The choir finished with Josquin des Prez’s Agnus Dei from Missa L’Homme Armé. The gentle opening descending lines were perfectly executed. The work is supported by these ascending bass lines as the higher voices sing staggered, descending melodies. It is a bare composition, naked and exposed, but beautiful – and their performance of it proves that the singers of Opus 8 are stellar musicians.

I do not think that music director Robert Busiakiewicz had planned this concert to align with the American inauguration. I don’t think he could have possibly predicted that the theme of this concert would be so essential with a Trump presidency. But on this day of global protest against a dangerous world leader, it was here, in a church dedicated to a sex worker, that we found some rest and repose. This is the power of art and music: to be what we need, even when we don’t know we need it – and, through the process of creation and sharing, to help us find a way forward, even through the darkest times.

Opus 8 presented Dona Nobis Pacem on Saturday January 21 at 7:30pm. at the Church of St. Mary Magdalene in Toronto. For more information, visit www.opus8choir.com.
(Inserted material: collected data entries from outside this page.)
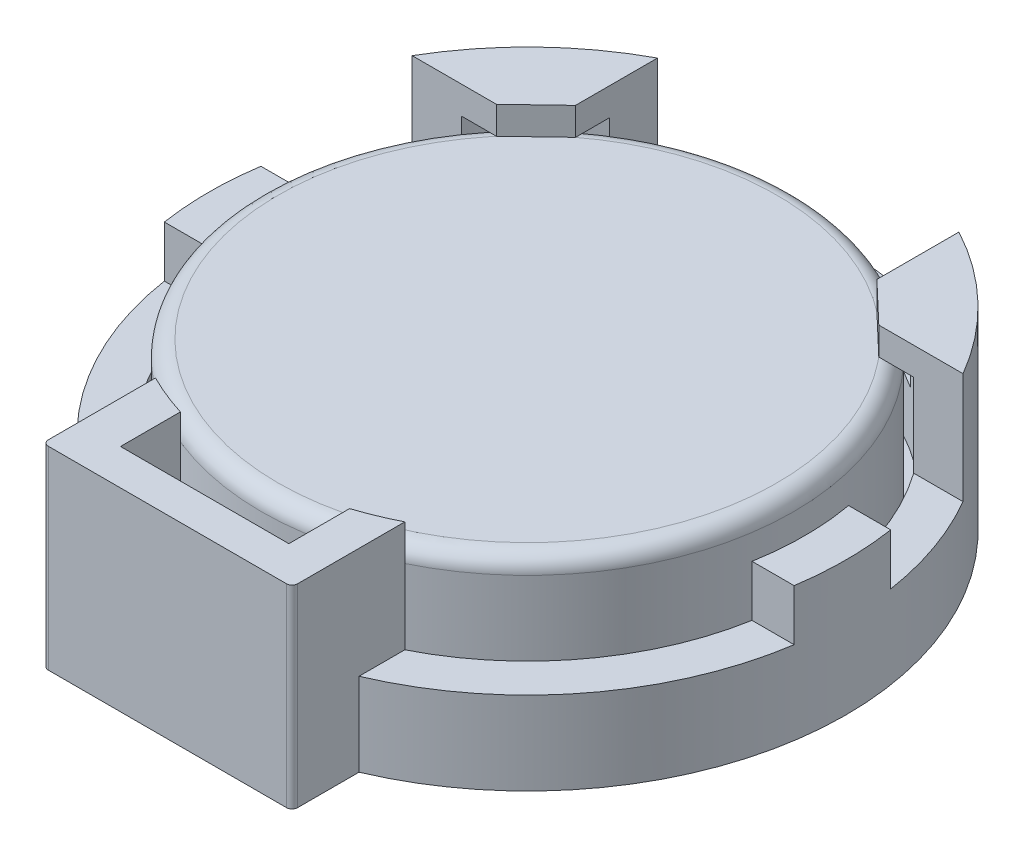
ISO-10303-21;
HEADER;
FILE_DESCRIPTION(('STEP AP214'),'2;1');
FILE_NAME('part.step','',(''),(''),'','','');
FILE_SCHEMA(('AUTOMOTIVE_DESIGN { 1 0 10303 214 1 1 1 1 }'));
ENDSEC;
DATA;
#1=APPLICATION_CONTEXT('core data for automotive mechanical design processes');
#2=APPLICATION_PROTOCOL_DEFINITION('international standard','automotive_design',2000,#1);
#3=PRODUCT_CONTEXT('',#1,'mechanical');
#4=PRODUCT('Part','Part','',(#3));
#5=PRODUCT_RELATED_PRODUCT_CATEGORY('part','',(#4));
#6=PRODUCT_DEFINITION_FORMATION('','',#4);
#7=PRODUCT_DEFINITION_CONTEXT('part definition',#1,'design');
#8=PRODUCT_DEFINITION('design','',#6,#7);
#9=PRODUCT_DEFINITION_SHAPE('','',#8);
#10=(LENGTH_UNIT() NAMED_UNIT(*) SI_UNIT(.MILLI.,.METRE.));
#11=(NAMED_UNIT(*) PLANE_ANGLE_UNIT() SI_UNIT($,.RADIAN.));
#12=(NAMED_UNIT(*) SI_UNIT($,.STERADIAN.) SOLID_ANGLE_UNIT());
#13=UNCERTAINTY_MEASURE_WITH_UNIT(LENGTH_MEASURE(1.E-05),#10,'distance_accuracy_value','');
#14=(GEOMETRIC_REPRESENTATION_CONTEXT(3) GLOBAL_UNCERTAINTY_ASSIGNED_CONTEXT((#13)) GLOBAL_UNIT_ASSIGNED_CONTEXT((#10,
#11,#12)) REPRESENTATION_CONTEXT('',''));
#15=CARTESIAN_POINT('',(0.,0.,0.));
#16=DIRECTION('',(0.,0.,1.));
#17=DIRECTION('',(1.,0.,0.));
#18=AXIS2_PLACEMENT_3D('',#15,#16,#17);
#19=CARTESIAN_POINT('',(0.,1.,0.));
#20=DIRECTION('',(0.,1.,0.));
#21=DIRECTION('',(0.,0.,1.));
#22=AXIS2_PLACEMENT_3D('',#19,#20,#21);
#23=CYLINDRICAL_SURFACE('',#22,10.);
#24=CARTESIAN_POINT('',(0.,1.,0.));
#25=DIRECTION('',(0.,1.,0.));
#26=DIRECTION('',(0.,0.,1.));
#27=AXIS2_PLACEMENT_3D('',#24,#25,#26);
#28=CIRCLE('',#27,10.);
#29=CARTESIAN_POINT('',(0.,1.,10.));
#30=VERTEX_POINT('',#29);
#31=EDGE_CURVE('E454',#30,#30,#28,.T.);
#32=ORIENTED_EDGE('',*,*,#31,.F.);
#33=EDGE_LOOP('',(#32));
#34=FACE_BOUND('',#33,.T.);
#35=CARTESIAN_POINT('',(0.,6.,0.));
#36=DIRECTION('',(0.,1.,0.));
#37=DIRECTION('',(0.,0.,1.));
#38=AXIS2_PLACEMENT_3D('',#35,#36,#37);
#39=CIRCLE('',#38,10.);
#40=CARTESIAN_POINT('',(8.16170008433562,6.,-5.77811835577604));
#41=VERTEX_POINT('',#40);
#42=CARTESIAN_POINT('',(5.44030687455703,6.,-8.39065319928357));
#43=VERTEX_POINT('',#42);
#44=EDGE_CURVE('E279',#41,#43,#39,.T.);
#45=ORIENTED_EDGE('',*,*,#44,.T.);
#46=DIRECTION('',(0.,1.,0.));
#47=VECTOR('',#46,1.);
#48=CARTESIAN_POINT('',(5.44030687455703,1.,-8.39065319928357));
#49=LINE('',#48,#47);
#50=CARTESIAN_POINT('',(5.44030687455703,3.,-8.39065319928357));
#51=VERTEX_POINT('',#50);
#52=EDGE_CURVE('E269',#43,#51,#49,.F.);
#53=ORIENTED_EDGE('',*,*,#52,.T.);
#54=CARTESIAN_POINT('',(0.,3.,0.));
#55=DIRECTION('',(0.,1.,0.));
#56=DIRECTION('',(0.,0.,1.));
#57=AXIS2_PLACEMENT_3D('',#54,#55,#56);
#58=CIRCLE('',#57,10.);
#59=CARTESIAN_POINT('',(-5.44030687455703,3.,-8.39065319928357));
#60=VERTEX_POINT('',#59);
#61=EDGE_CURVE('E277',#60,#51,#58,.F.);
#62=ORIENTED_EDGE('',*,*,#61,.F.);
#63=DIRECTION('',(0.,1.,0.));
#64=VECTOR('',#63,1.);
#65=CARTESIAN_POINT('',(-5.44030687455703,1.,-8.39065319928357));
#66=LINE('',#65,#64);
#67=CARTESIAN_POINT('',(-5.44030687455703,6.,-8.39065319928357));
#68=VERTEX_POINT('',#67);
#69=EDGE_CURVE('E68',#60,#68,#66,.T.);
#70=ORIENTED_EDGE('',*,*,#69,.T.);
#71=CARTESIAN_POINT('',(0.,6.,0.));
#72=DIRECTION('',(0.,1.,0.));
#73=DIRECTION('',(0.,0.,-1.));
#74=AXIS2_PLACEMENT_3D('',#71,#72,#73);
#75=CIRCLE('',#74,10.);
#76=CARTESIAN_POINT('',(-8.16170008433562,6.,-5.77811835577604));
#77=VERTEX_POINT('',#76);
#78=EDGE_CURVE('E302',#68,#77,#75,.T.);
#79=ORIENTED_EDGE('',*,*,#78,.T.);
#80=DIRECTION('',(0.,1.,0.));
#81=VECTOR('',#80,1.);
#82=CARTESIAN_POINT('',(-8.16170008433562,1.,-5.77811835577604));
#83=LINE('',#82,#81);
#84=CARTESIAN_POINT('',(-8.16170008433561,3.,-5.77811835577604));
#85=VERTEX_POINT('',#84);
#86=EDGE_CURVE('E473',#77,#85,#83,.F.);
#87=ORIENTED_EDGE('',*,*,#86,.T.);
#88=CARTESIAN_POINT('',(-9.84688215398306,3.,-1.74324749980313));
#89=VERTEX_POINT('',#88);
#90=EDGE_CURVE('E468',#89,#85,#58,.F.);
#91=ORIENTED_EDGE('',*,*,#90,.F.);
#92=DIRECTION('',(0.,1.,0.));
#93=VECTOR('',#92,1.);
#94=CARTESIAN_POINT('',(-9.84688215398306,1.,-1.74324749980313));
#95=LINE('',#94,#93);
#96=CARTESIAN_POINT('',(-9.84688215398307,4.84705488621152,-1.74324749980313));
#97=VERTEX_POINT('',#96);
#98=EDGE_CURVE('E475',#89,#97,#95,.T.);
#99=ORIENTED_EDGE('',*,*,#98,.T.);
#100=CARTESIAN_POINT('',(0.,4.84705488621152,0.));
#101=DIRECTION('',(0.,-1.,0.));
#102=DIRECTION('',(0.,0.,-1.));
#103=AXIS2_PLACEMENT_3D('',#100,#101,#102);
#104=CIRCLE('',#103,10.);
#105=CARTESIAN_POINT('',(-9.84688215398306,4.84705488621152,1.74324749980313));
#106=VERTEX_POINT('',#105);
#107=EDGE_CURVE('E386',#97,#106,#104,.F.);
#108=ORIENTED_EDGE('',*,*,#107,.T.);
#109=DIRECTION('',(0.,1.,0.));
#110=VECTOR('',#109,1.);
#111=CARTESIAN_POINT('',(-9.84688215398306,1.,1.74324749980313));
#112=LINE('',#111,#110);
#113=CARTESIAN_POINT('',(-9.84688215398306,3.,1.74324749980313));
#114=VERTEX_POINT('',#113);
#115=EDGE_CURVE('E486',#106,#114,#112,.F.);
#116=ORIENTED_EDGE('',*,*,#115,.T.);
#117=CARTESIAN_POINT('',(0.,3.,0.));
#118=DIRECTION('',(0.,1.,0.));
#119=DIRECTION('',(0.,0.,1.));
#120=AXIS2_PLACEMENT_3D('',#117,#118,#119);
#121=CIRCLE('',#120,10.);
#122=CARTESIAN_POINT('',(-4.5,3.,8.93028554974588));
#123=VERTEX_POINT('',#122);
#124=EDGE_CURVE('E478',#123,#114,#121,.F.);
#125=ORIENTED_EDGE('',*,*,#124,.F.);
#126=DIRECTION('',(0.,-1.,0.));
#127=VECTOR('',#126,1.);
#128=CARTESIAN_POINT('',(-4.5,7.,8.93028554974588));
#129=LINE('',#128,#127);
#130=CARTESIAN_POINT('',(-4.5,7.,8.93028554974588));
#131=VERTEX_POINT('',#130);
#132=EDGE_CURVE('E355',#131,#123,#129,.T.);
#133=ORIENTED_EDGE('',*,*,#132,.F.);
#134=CARTESIAN_POINT('',(0.,7.,0.));
#135=DIRECTION('',(0.,-1.,0.));
#136=DIRECTION('',(0.,0.,-1.));
#137=AXIS2_PLACEMENT_3D('',#134,#135,#136);
#138=CIRCLE('',#137,10.);
#139=CARTESIAN_POINT('',(-2.9884242853768,7.,9.54302469296659));
#140=VERTEX_POINT('',#139);
#141=EDGE_CURVE('E353',#140,#131,#138,.T.);
#142=ORIENTED_EDGE('',*,*,#141,.F.);
#143=DIRECTION('',(0.,-1.,0.));
#144=VECTOR('',#143,1.);
#145=CARTESIAN_POINT('',(-2.9884242853768,7.,9.54302469296659));
#146=LINE('',#145,#144);
#147=CARTESIAN_POINT('',(-2.9884242853768,3.,9.54302469296659));
#148=VERTEX_POINT('',#147);
#149=EDGE_CURVE('E358',#140,#148,#146,.T.);
#150=ORIENTED_EDGE('',*,*,#149,.T.);
#151=CARTESIAN_POINT('',(3.08803842822269,3.,9.51125747027279));
#152=VERTEX_POINT('',#151);
#153=EDGE_CURVE('E483',#152,#148,#121,.F.);
#154=ORIENTED_EDGE('',*,*,#153,.F.);
#155=DIRECTION('',(0.,-1.,0.));
#156=VECTOR('',#155,1.);
#157=CARTESIAN_POINT('',(3.08803842822269,7.,9.51125747027279));
#158=LINE('',#157,#156);
#159=CARTESIAN_POINT('',(3.08803842822269,7.,9.51125747027279));
#160=VERTEX_POINT('',#159);
#161=EDGE_CURVE('E366',#160,#152,#158,.T.);
#162=ORIENTED_EDGE('',*,*,#161,.F.);
#163=CARTESIAN_POINT('',(0.,7.,0.));
#164=DIRECTION('',(0.,-1.,0.));
#165=DIRECTION('',(0.,0.,-1.));
#166=AXIS2_PLACEMENT_3D('',#163,#164,#165);
#167=CIRCLE('',#166,10.);
#168=CARTESIAN_POINT('',(4.5,7.,8.93028554974588));
#169=VERTEX_POINT('',#168);
#170=EDGE_CURVE('E345',#169,#160,#167,.T.);
#171=ORIENTED_EDGE('',*,*,#170,.F.);
#172=DIRECTION('',(0.,-1.,0.));
#173=VECTOR('',#172,1.);
#174=CARTESIAN_POINT('',(4.5,7.,8.93028554974588));
#175=LINE('',#174,#173);
#176=CARTESIAN_POINT('',(4.5,3.,8.93028554974588));
#177=VERTEX_POINT('',#176);
#178=EDGE_CURVE('E368',#169,#177,#175,.T.);
#179=ORIENTED_EDGE('',*,*,#178,.T.);
#180=CARTESIAN_POINT('',(9.84688215398306,3.,1.74324749980313));
#181=VERTEX_POINT('',#180);
#182=EDGE_CURVE('E479',#181,#177,#121,.F.);
#183=ORIENTED_EDGE('',*,*,#182,.F.);
#184=DIRECTION('',(0.,1.,0.));
#185=VECTOR('',#184,1.);
#186=CARTESIAN_POINT('',(9.84688215398306,1.,1.74324749980313));
#187=LINE('',#186,#185);
#188=CARTESIAN_POINT('',(9.84688215398306,4.84705488621152,1.74324749980313));
#189=VERTEX_POINT('',#188);
#190=EDGE_CURVE('E482',#181,#189,#187,.T.);
#191=ORIENTED_EDGE('',*,*,#190,.T.);
#192=CARTESIAN_POINT('',(9.84688215398306,4.84705488621152,-1.74324749980313));
#193=VERTEX_POINT('',#192);
#194=EDGE_CURVE('E390',#189,#193,#104,.F.);
#195=ORIENTED_EDGE('',*,*,#194,.T.);
#196=DIRECTION('',(0.,1.,0.));
#197=VECTOR('',#196,1.);
#198=CARTESIAN_POINT('',(9.84688215398306,1.,-1.74324749980313));
#199=LINE('',#198,#197);
#200=CARTESIAN_POINT('',(9.84688215398306,3.,-1.74324749980313));
#201=VERTEX_POINT('',#200);
#202=EDGE_CURVE('E470',#193,#201,#199,.F.);
#203=ORIENTED_EDGE('',*,*,#202,.T.);
#204=CARTESIAN_POINT('',(8.16170008433562,3.,-5.77811835577604));
#205=VERTEX_POINT('',#204);
#206=EDGE_CURVE('E465',#205,#201,#58,.F.);
#207=ORIENTED_EDGE('',*,*,#206,.F.);
#208=DIRECTION('',(0.,1.,0.));
#209=VECTOR('',#208,1.);
#210=CARTESIAN_POINT('',(8.16170008433562,1.,-5.77811835577604));
#211=LINE('',#210,#209);
#212=EDGE_CURVE('E61',#205,#41,#211,.T.);
#213=ORIENTED_EDGE('',*,*,#212,.T.);
#214=EDGE_LOOP('',(#45,#53,#62,#70,#79,#87,#91,#99,#108,#116,#125,#133,#142,#150,#154,#162,#171,
#179,#183,#191,#195,#203,#207,#213));
#215=FACE_BOUND('',#214,.T.);
#216=ADVANCED_FACE('F46',(#34,#215),#23,.F.);
#217=CARTESIAN_POINT('',(0.,7.,0.));
#218=DIRECTION('',(0.,-1.,0.));
#219=DIRECTION('',(0.,0.,-1.));
#220=AXIS2_PLACEMENT_3D('',#217,#218,#219);
#221=CYLINDRICAL_SURFACE('',#220,11.5);
#222=DIRECTION('',(0.,-1.,0.));
#223=VECTOR('',#222,1.);
#224=CARTESIAN_POINT('',(-4.5,7.,10.5830052442584));
#225=LINE('',#224,#223);
#226=CARTESIAN_POINT('',(-4.5,3.,10.5830052442584));
#227=VERTEX_POINT('',#226);
#228=CARTESIAN_POINT('',(-4.5,0.,10.5830052442584));
#229=VERTEX_POINT('',#228);
#230=EDGE_CURVE('E378',#227,#229,#225,.T.);
#231=ORIENTED_EDGE('',*,*,#230,.F.);
#232=CARTESIAN_POINT('',(0.,3.,0.));
#233=DIRECTION('',(0.,1.,0.));
#234=DIRECTION('',(0.,0.,1.));
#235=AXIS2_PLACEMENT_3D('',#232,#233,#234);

Follow Brian Chang on Twitter @bfchang. Send info/media/tips to choralscene@thewholenote.com.

TMC Simposium

Twenty years ago, Noel Edison took the reins of the Toronto Mendelssohn Choir (in which I sing). Even then he knew it as “one of Canada’s great cultural institutions.” Predating every other major symphony orchestra and major arts organization in Canada, the choir has operated continuously since 1894 – and since 2010, it has hosted one of the preeminent training symposiums for emerging conductors in North America. This year, five candidates will workshop with Edison, associate conductor Jennifer Min-Young Lee, the Elora Festival Singers, and the Toronto Mendelssohn Choir over a one-week intensive. The week culminates in a free concert on Saturday, January 28, 3pm at Yorkminster Park Baptist Church in Toronto.

I got in touch with this year’s participants, to talk early influences, choral philosophies and personal musical goals.

Lawrence Abernathy
College Station, Texas

Lawrence Abernathy.Lawrence Abernathy, from College Station, Texas, says, “once or twice a year I like to remind my choirs that one of the most beautiful things about choral music is the anonymity of it all… for a few hours a week your voice is just as important as everyone else around you. You get to be yourself and part of a larger organism at the same time. I believe that the best choirs are those whose members are focused not on themselves, but the collective whole around them.” It is a humble reminder and one that bears often repetition.

“One of the great things about being in sacred music,” Abernathy says, “[is that] our inherent mission is social change. I personally take a lot of care in making sure that the ensembles I conduct are open to anyone regardless of race, creed, or any other perceived barriers.”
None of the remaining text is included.